### THE DATA
Segment Open

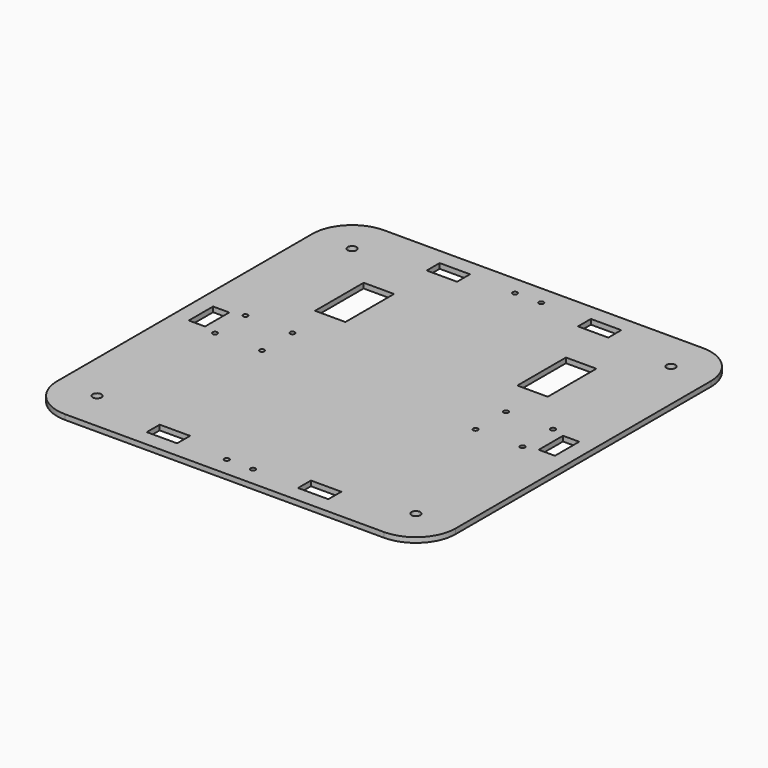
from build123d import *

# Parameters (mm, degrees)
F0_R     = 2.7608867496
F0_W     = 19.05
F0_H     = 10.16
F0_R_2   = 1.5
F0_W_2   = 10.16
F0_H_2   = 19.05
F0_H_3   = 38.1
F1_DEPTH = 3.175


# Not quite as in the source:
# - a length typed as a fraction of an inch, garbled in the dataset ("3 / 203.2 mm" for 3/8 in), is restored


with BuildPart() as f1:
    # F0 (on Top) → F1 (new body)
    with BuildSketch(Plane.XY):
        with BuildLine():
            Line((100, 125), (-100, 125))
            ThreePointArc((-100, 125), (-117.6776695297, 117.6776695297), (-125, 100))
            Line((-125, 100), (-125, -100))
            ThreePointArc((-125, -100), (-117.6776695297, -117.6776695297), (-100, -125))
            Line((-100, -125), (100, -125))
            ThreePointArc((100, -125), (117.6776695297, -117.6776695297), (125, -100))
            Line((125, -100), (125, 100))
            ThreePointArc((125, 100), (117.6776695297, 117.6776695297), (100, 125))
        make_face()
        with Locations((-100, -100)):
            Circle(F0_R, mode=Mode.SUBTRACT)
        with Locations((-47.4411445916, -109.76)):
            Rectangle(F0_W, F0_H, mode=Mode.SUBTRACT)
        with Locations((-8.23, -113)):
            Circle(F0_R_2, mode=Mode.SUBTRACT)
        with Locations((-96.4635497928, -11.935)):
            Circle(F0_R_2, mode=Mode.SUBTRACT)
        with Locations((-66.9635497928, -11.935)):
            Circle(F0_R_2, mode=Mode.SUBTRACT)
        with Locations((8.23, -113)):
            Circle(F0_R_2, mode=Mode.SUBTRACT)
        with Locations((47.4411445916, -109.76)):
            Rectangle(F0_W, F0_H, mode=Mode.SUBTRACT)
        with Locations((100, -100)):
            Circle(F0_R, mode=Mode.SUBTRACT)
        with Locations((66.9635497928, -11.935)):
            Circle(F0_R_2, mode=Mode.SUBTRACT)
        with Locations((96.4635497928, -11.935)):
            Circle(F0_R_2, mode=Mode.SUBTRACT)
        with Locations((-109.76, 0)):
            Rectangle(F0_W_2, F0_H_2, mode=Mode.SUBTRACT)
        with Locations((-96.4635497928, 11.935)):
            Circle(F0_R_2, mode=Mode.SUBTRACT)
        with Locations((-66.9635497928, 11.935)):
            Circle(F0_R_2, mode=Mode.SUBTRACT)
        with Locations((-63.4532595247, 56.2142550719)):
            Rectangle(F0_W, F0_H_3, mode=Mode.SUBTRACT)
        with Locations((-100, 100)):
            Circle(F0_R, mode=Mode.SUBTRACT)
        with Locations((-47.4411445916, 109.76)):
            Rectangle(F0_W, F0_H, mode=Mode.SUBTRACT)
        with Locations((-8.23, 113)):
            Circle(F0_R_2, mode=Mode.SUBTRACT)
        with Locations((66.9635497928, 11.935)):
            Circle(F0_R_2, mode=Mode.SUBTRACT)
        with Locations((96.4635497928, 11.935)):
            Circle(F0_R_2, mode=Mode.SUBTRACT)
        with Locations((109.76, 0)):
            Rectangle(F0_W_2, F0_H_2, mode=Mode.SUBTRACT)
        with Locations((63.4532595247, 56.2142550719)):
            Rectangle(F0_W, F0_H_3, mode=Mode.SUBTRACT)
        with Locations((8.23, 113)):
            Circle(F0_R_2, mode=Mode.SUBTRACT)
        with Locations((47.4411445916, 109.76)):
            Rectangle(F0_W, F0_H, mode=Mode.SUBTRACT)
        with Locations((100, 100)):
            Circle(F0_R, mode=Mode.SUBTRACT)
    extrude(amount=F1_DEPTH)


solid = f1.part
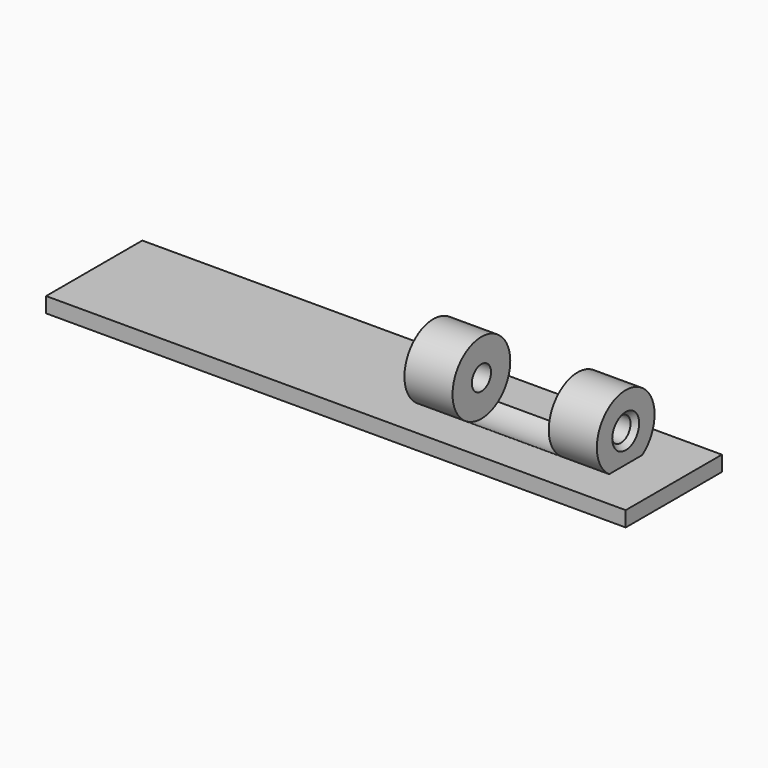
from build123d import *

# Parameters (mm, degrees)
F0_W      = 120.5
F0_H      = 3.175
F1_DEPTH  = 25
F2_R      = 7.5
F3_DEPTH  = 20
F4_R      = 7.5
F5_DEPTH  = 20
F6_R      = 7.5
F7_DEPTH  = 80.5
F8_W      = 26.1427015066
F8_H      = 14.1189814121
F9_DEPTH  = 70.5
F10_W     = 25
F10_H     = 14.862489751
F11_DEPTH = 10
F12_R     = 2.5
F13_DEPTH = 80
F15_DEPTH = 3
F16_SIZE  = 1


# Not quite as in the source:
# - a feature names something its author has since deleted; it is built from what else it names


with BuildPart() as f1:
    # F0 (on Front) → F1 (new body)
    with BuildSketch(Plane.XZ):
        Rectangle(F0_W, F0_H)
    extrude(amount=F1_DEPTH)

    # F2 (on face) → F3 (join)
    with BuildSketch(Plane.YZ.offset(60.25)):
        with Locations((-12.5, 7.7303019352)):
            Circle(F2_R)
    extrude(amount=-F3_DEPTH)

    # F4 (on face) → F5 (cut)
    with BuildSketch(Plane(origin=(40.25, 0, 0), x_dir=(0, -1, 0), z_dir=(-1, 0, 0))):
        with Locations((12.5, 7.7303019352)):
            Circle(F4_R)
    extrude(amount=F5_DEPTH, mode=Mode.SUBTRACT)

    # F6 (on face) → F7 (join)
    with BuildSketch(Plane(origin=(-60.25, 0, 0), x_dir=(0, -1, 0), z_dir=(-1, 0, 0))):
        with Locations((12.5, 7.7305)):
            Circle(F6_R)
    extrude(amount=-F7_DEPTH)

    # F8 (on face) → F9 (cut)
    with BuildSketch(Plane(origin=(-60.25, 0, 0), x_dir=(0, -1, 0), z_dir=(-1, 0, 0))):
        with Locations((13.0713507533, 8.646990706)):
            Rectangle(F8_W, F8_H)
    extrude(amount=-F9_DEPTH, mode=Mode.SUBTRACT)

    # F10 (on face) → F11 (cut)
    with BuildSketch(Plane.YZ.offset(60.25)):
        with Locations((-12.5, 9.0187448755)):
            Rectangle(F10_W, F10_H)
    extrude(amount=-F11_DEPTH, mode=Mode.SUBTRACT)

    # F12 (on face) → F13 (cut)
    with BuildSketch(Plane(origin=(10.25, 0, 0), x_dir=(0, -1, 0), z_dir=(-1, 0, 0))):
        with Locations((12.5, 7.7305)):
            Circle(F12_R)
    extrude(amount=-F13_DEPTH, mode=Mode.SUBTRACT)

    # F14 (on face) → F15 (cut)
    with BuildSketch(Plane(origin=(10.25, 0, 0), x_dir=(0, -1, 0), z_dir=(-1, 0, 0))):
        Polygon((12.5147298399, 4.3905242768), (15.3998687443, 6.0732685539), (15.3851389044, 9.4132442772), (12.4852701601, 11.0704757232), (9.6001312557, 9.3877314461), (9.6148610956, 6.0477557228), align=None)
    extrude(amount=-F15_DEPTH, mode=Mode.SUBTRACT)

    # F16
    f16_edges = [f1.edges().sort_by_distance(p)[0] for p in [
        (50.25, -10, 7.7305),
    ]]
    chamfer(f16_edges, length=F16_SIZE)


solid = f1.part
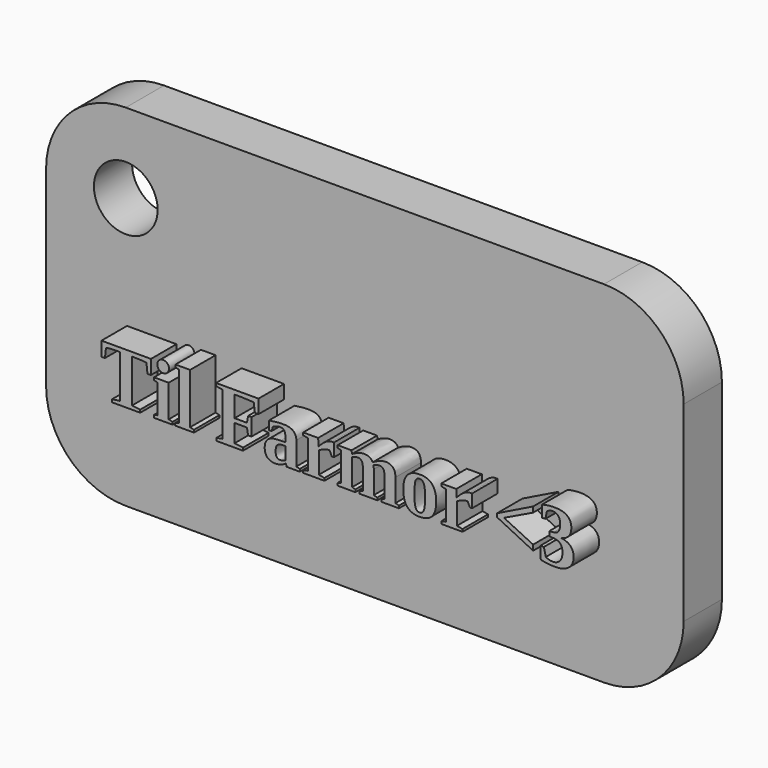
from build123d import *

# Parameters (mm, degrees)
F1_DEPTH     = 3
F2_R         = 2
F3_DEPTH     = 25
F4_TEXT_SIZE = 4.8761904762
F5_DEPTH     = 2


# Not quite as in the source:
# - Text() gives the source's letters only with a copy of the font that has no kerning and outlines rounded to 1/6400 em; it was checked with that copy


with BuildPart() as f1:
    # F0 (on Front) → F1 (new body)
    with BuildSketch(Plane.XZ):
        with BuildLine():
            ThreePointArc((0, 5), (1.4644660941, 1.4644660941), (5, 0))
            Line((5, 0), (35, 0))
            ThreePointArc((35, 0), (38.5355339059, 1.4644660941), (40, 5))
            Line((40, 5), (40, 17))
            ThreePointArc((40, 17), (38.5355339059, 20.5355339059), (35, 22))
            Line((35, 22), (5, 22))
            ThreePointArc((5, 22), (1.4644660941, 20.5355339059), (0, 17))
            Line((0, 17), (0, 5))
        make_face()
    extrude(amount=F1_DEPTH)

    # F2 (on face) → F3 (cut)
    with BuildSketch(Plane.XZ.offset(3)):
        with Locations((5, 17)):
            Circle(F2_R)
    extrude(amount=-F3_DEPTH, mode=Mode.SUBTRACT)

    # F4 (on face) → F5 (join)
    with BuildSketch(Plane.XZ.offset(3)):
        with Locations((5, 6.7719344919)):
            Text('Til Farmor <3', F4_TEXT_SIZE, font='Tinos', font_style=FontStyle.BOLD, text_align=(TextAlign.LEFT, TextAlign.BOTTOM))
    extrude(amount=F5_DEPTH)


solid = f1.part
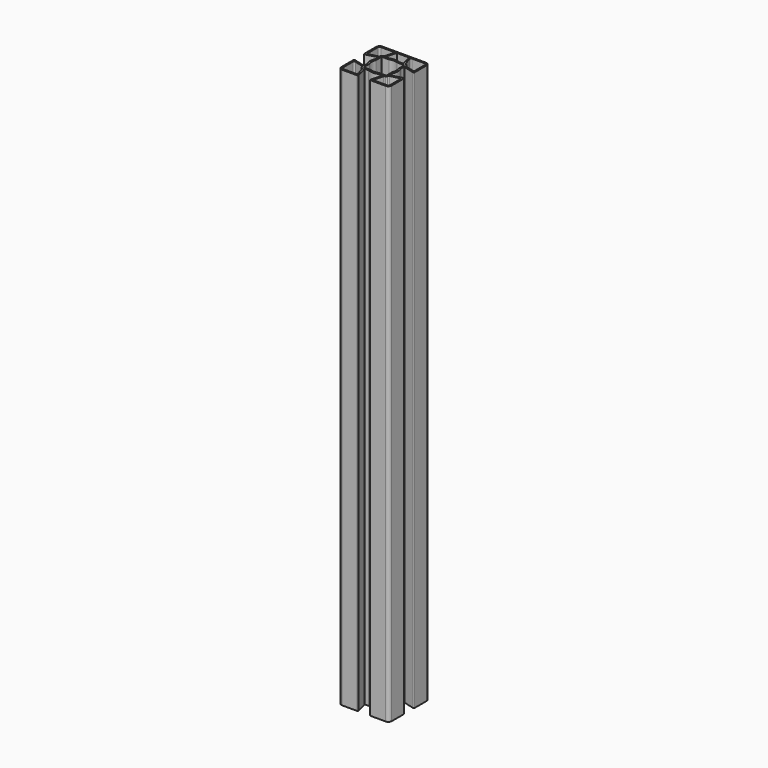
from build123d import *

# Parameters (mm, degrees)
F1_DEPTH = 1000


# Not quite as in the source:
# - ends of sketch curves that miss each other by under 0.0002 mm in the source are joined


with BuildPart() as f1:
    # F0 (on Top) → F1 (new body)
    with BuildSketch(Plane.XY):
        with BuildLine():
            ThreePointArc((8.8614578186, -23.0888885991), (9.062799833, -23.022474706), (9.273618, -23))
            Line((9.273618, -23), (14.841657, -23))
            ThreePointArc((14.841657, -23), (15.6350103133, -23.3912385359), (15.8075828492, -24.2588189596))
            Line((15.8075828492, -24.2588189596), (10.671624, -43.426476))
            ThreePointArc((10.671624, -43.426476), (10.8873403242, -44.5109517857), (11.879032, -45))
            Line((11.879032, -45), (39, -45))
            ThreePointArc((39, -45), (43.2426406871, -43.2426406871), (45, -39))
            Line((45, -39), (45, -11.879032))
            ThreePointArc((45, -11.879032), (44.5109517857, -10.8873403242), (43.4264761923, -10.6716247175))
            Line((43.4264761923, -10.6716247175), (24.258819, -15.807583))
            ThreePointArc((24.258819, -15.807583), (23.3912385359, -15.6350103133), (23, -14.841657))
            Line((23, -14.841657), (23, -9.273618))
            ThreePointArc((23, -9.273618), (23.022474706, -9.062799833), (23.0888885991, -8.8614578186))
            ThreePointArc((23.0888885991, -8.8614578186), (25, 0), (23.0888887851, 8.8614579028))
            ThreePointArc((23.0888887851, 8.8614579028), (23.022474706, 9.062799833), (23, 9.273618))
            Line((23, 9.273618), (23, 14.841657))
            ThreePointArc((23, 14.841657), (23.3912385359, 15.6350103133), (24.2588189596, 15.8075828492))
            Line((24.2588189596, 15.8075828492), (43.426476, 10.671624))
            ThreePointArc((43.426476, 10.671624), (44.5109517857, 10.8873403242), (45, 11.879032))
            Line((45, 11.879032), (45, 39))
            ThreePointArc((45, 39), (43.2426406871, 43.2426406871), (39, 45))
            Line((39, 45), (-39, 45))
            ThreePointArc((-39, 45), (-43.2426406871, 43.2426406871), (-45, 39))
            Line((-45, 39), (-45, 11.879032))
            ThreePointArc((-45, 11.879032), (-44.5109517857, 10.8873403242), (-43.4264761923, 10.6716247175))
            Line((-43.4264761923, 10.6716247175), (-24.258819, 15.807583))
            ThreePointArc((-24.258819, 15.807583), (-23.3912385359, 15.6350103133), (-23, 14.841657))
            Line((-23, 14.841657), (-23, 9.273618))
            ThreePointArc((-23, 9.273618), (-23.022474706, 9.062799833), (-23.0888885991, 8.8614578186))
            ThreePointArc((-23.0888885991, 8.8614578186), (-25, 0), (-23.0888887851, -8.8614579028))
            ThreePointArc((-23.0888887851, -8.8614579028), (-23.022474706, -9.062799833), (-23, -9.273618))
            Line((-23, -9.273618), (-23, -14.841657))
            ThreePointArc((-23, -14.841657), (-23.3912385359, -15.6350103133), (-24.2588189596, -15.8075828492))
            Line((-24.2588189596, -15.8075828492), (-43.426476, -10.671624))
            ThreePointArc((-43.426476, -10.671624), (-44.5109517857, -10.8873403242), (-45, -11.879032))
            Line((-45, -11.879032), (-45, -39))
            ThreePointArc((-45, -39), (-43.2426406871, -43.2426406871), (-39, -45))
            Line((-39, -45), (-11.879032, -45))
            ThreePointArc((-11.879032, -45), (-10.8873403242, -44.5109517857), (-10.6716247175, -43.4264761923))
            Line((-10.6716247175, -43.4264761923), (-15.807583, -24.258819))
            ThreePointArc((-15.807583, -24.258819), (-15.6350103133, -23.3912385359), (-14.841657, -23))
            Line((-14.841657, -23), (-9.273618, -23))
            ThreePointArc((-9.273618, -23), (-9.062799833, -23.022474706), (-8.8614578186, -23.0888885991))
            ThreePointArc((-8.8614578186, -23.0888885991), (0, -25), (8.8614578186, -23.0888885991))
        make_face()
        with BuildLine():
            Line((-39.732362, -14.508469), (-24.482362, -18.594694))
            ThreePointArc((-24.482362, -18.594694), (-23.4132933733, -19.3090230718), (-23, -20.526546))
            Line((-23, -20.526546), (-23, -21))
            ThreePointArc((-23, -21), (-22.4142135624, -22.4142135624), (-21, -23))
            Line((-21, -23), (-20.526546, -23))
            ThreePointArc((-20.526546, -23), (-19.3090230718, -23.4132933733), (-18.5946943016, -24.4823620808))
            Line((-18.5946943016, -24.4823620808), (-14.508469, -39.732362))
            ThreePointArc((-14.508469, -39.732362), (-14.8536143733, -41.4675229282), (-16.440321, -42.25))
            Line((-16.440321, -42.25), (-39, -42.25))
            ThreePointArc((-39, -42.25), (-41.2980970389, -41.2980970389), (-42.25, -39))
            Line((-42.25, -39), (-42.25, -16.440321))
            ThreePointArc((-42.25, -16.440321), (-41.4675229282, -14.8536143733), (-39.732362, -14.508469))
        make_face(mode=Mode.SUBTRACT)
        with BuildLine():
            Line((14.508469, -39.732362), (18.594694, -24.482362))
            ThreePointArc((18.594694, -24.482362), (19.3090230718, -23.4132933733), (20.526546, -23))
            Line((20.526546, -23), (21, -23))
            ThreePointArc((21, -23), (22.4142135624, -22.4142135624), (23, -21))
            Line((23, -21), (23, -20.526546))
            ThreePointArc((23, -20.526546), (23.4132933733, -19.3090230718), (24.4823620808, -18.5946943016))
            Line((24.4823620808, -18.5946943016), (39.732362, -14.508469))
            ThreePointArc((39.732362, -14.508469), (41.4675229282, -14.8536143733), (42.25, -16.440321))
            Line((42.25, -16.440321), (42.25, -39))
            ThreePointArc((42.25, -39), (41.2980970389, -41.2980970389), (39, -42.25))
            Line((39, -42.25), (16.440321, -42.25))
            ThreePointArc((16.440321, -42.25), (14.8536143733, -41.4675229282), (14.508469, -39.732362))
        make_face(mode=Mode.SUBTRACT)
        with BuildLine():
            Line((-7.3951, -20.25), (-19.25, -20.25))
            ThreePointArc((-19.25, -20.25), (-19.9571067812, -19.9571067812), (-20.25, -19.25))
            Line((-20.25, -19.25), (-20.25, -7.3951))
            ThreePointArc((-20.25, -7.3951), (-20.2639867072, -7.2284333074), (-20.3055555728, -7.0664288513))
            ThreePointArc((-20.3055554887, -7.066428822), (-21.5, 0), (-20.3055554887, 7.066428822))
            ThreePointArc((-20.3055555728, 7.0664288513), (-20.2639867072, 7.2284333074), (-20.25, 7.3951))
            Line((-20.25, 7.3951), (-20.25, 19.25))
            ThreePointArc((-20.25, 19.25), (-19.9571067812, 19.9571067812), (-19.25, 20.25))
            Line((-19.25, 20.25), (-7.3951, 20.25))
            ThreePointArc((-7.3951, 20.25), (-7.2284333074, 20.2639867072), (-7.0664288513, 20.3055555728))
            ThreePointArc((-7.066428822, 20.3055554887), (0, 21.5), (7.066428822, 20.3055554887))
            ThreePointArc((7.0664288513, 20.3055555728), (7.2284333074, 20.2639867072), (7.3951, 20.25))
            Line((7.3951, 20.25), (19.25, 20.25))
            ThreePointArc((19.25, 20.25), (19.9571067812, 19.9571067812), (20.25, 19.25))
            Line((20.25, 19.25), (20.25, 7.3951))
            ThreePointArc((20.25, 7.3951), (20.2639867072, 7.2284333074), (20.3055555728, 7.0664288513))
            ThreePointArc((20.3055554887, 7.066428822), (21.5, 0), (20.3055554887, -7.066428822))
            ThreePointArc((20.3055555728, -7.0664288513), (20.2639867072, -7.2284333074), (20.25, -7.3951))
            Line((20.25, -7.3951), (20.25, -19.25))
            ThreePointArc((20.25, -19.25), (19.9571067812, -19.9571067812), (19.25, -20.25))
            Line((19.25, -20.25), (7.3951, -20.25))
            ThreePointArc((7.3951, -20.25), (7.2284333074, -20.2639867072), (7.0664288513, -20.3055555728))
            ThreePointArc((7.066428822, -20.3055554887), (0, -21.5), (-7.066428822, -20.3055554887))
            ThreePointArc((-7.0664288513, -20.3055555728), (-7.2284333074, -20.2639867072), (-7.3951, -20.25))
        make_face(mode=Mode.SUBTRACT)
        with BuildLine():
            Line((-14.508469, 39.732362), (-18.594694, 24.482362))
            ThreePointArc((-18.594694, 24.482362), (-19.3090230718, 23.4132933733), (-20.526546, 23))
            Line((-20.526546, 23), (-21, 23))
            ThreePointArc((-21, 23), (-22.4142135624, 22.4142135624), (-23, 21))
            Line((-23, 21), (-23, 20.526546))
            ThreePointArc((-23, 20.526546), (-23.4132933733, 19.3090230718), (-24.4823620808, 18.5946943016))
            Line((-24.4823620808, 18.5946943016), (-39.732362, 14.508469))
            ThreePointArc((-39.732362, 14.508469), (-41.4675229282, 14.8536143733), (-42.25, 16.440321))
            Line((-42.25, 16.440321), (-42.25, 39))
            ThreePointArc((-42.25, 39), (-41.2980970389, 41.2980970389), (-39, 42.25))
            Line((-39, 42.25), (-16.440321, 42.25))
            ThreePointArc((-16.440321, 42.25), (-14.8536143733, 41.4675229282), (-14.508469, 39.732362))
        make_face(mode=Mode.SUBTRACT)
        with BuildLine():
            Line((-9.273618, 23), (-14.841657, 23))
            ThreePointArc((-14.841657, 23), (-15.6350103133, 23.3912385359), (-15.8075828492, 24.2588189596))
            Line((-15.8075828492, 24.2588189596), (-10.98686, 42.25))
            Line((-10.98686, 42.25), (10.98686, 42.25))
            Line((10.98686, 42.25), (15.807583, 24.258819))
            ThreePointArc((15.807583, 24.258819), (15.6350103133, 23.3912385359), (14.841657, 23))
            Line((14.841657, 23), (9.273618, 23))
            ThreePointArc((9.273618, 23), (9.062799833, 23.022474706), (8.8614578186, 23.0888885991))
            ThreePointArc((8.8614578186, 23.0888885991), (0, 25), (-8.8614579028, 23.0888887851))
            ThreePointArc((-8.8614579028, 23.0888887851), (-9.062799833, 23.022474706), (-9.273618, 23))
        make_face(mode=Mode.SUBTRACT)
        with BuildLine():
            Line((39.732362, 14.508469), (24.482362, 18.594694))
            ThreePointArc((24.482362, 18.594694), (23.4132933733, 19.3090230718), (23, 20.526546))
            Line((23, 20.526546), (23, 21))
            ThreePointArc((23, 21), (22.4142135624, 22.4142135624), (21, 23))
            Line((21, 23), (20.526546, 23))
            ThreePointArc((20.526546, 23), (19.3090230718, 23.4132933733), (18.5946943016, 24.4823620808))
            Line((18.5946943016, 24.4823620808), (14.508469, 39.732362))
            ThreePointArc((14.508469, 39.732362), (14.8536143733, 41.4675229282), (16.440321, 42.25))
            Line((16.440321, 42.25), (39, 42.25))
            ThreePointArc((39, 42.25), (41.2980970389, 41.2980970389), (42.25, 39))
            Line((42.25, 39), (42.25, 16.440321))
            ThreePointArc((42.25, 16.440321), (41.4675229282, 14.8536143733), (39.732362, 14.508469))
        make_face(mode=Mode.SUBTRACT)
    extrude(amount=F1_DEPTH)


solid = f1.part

Segment Closed

### TASK PROMPT
Your answer must be the exact lines from the start of the data through the line with "Line((-100, -125), (100, -125))", inclusive, and nothing else; pictures do not belong in it.

### SOLUTION TO THE PROBLEM
from build123d import *

# Parameters (mm, degrees)
F0_R     = 2.7608867496
F0_W     = 19.05
F0_H     = 10.16
F0_R_2   = 1.5
F0_W_2   = 10.16
F0_H_2   = 19.05
F0_H_3   = 38.1
F1_DEPTH = 3.175


# Not quite as in the source:
# - a length typed as a fraction of an inch, garbled in the dataset ("3 / 203.2 mm" for 3/8 in), is restored


with BuildPart() as f1:
    # F0 (on Top) → F1 (new body)
    with BuildSketch(Plane.XY):
        with BuildLine():
            Line((100, 125), (-100, 125))
            ThreePointArc((-100, 125), (-117.6776695297, 117.6776695297), (-125, 100))
            Line((-125, 100), (-125, -100))
            ThreePointArc((-125, -100), (-117.6776695297, -117.6776695297), (-100, -125))
            Line((-100, -125), (100, -125))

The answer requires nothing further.